Kinetics and statistical physics modeling of heavy metal ions adsorption onto functionalized pyrite composite: Experimental and modeling
Esmaeil Allahkarami, Ebrahim Allahkarami, Amirreza Azadmehr, Mohammad Ebrahim Shahrabadi
Abstract
Heavy metal ions such as Cu 2+ , Cd 2+ , Ni 2+ , and Zn 2+ pose serious threats to water quality and public health due to their toxicity and persistence. In this study, a functionalized pyrite composite (FeS₂ core coated with silica) was synthesized and evaluated for its adsorption performance toward these heavy metal ions. Batch adsorption experiments were conducted under varying pH (2−10), contact time (10–60 min), temperature (298–343 K), and initial concentration (100–500 mg/L). Adsorption isotherms were analyzed using Langmuir, Freundlich, Redlich–Peterson, Toth, and other models. The Langmuir model best described the data (R 2 > 0.999), indicating monolayer adsorption with maximum capacities of 145.71 mg/g for Cd 2+ and 81.44 mg/g for Cu 2+ . Kinetic analysis showed that the pseudo-second-order (PSO) model best fit the data (R 2 > 0.998), suggesting chemisorption as the dominant mechanism. Thermodynamic parameters (ΔG°, ΔH°, ΔS°) were calculated from Van't Hoff plots. Negative ΔG° values confirmed spontaneity, while positive ΔH° and ΔS° supported the endothermic and entropy-driven nature of the process. Statistical physics modeling further revealed the number of active sites, the mean adsorption energy (E < 20 kJ/mol), and the adsorption stoichiometry factor (n). These results indicated predominant physisorption with partial chemisorption, particularly for Ni 2+ and Cu 2+ . The study demonstrates that functionalized pyrite composite is a cost-effective, regenerable, and high-capacity adsorbent for heavy metal ion removal.
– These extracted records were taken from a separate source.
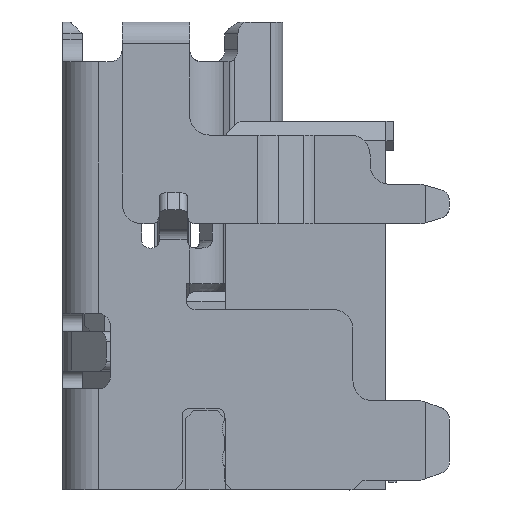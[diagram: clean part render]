
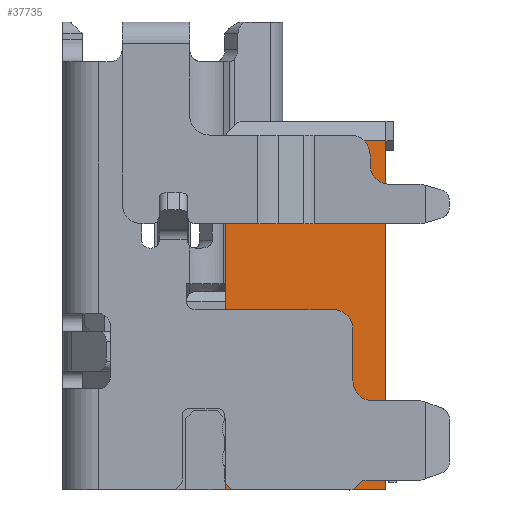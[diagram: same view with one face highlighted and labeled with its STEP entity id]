
A CAD part, left-side view. The second image highlights one B-rep face of the part: STEP entity #37735.
In plain terms, the highlighted planar face has unit normal (-1, 0, 0).
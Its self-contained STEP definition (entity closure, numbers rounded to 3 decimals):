
#1549 = EDGE_CURVE ( 'NONE', #55325, #15473, #74545, .T. ) ;
#2258 = ORIENTED_EDGE ( 'NONE', *, *, #98622, .F. ) ;
#5984 = VECTOR ( 'NONE', #102664, 1000. ) ;
#9106 = CARTESIAN_POINT ( 'NONE',  ( -6.95, -7.625, -0.5 ) ) ;
#12800 = DIRECTION ( 'NONE',  ( 0., 0., -1. ) ) ;
#15473 = VERTEX_POINT ( 'NONE', #39342 ) ;
#16423 = CARTESIAN_POINT ( 'NONE',  ( -6.95, -3.575, -6.9 ) ) ;
#18683 = VERTEX_POINT ( 'NONE', #92944 ) ;
#20322 = EDGE_CURVE ( 'NONE', #18683, #51009, #86404, .T. ) ;
#23324 = LINE ( 'NONE', #67897, #98382 ) ;
#25087 = LINE ( 'NONE', #16423, #99542 ) ;
#27672 = CARTESIAN_POINT ( 'NONE',  ( -6.95, -5.6, -0.5 ) ) ;
#29377 = EDGE_LOOP ( 'NONE', ( #106466, #2258, #67492, #111448, #88797 ) ) ;
#30938 = LINE ( 'NONE', #27672, #104659 ) ;
#31303 = FACE_OUTER_BOUND ( 'NONE', #29377, .T. ) ;
#37735 = ADVANCED_FACE ( 'NONE', ( #31303 ), #101920, .F. ) ;
#39342 = CARTESIAN_POINT ( 'NONE',  ( -6.95, -7.625, -9.3 ) ) ;
#40927 = CARTESIAN_POINT ( 'NONE',  ( -6.95, -7.625, -4.9 ) ) ;
#41489 = DIRECTION ( 'NONE',  ( 0., 0., -1. ) ) ;
#46516 = VECTOR ( 'NONE', #41489, 1000. ) ;
#51009 = VERTEX_POINT ( 'NONE', #64390 ) ;
#51081 = CARTESIAN_POINT ( 'NONE',  ( -6.95, -3.575, -4.9 ) ) ;
#55325 = VERTEX_POINT ( 'NONE', #9106 ) ;
#58634 = DIRECTION ( 'NONE',  ( 0., 1., 0. ) ) ;
#61325 = VERTEX_POINT ( 'NONE', #92740 ) ;
#64390 = CARTESIAN_POINT ( 'NONE',  ( -6.95, -3.575, -0.5 ) ) ;
#66790 = EDGE_CURVE ( 'NONE', #51009, #55325, #30938, .T. ) ;
#67492 = ORIENTED_EDGE ( 'NONE', *, *, #1549, .F. ) ;
#67897 = CARTESIAN_POINT ( 'NONE',  ( -6.95, -5.6, -9.3 ) ) ;
#74545 = LINE ( 'NONE', #40927, #46516 ) ;
#83599 = DIRECTION ( 'NONE',  ( 0., -1., 0. ) ) ;
#86404 = LINE ( 'NONE', #51081, #5984 ) ;
#88797 = ORIENTED_EDGE ( 'NONE', *, *, #20322, .F. ) ;
#92740 = CARTESIAN_POINT ( 'NONE',  ( -6.95, -3.575, -9.3 ) ) ;
#92944 = CARTESIAN_POINT ( 'NONE',  ( -6.95, -3.575, -4.5 ) ) ;
#94498 = EDGE_CURVE ( 'NONE', #18683, #61325, #25087, .T. ) ;
#95130 = DIRECTION ( 'NONE',  ( 0., 0., -1. ) ) ;
#98264 = AXIS2_PLACEMENT_3D ( 'NONE', #110608, #112300, #12800 ) ;
#98382 = VECTOR ( 'NONE', #58634, 1000. ) ;
#98622 = EDGE_CURVE ( 'NONE', #15473, #61325, #23324, .T. ) ;
#99542 = VECTOR ( 'NONE', #95130, 1000. ) ;
#101920 = PLANE ( 'NONE',  #98264 ) ;
#102664 = DIRECTION ( 'NONE',  ( 0., 0., 1. ) ) ;
#104659 = VECTOR ( 'NONE', #83599, 1000. ) ;
#106466 = ORIENTED_EDGE ( 'NONE', *, *, #94498, .T. ) ;
#110608 = CARTESIAN_POINT ( 'NONE',  ( -6.95, -5.6, -4.9 ) ) ;
#111448 = ORIENTED_EDGE ( 'NONE', *, *, #66790, .F. ) ;
#112300 = DIRECTION ( 'NONE',  ( 1., 0., 0. ) ) ;

The integration of isotherm, kinetic, thermodynamic, and statistical physics models offers mechanistic insight and predictive power for practical water treatment applications. • Functionalized pyrite composite efficiently adsorbs Cu 2+ , Cd 2+ , Ni 2+ , and Zn 2+ ions. • Adsorption follows Langmuir isotherm and pseudo-second-order kinetics. • Statistical physics modeling revealed active site density and adsorption energies. • Thermodynamic results confirm a spontaneous and endothermic adsorption process. • Adsorption is dominated by physisorption with minor chemisorption contributions.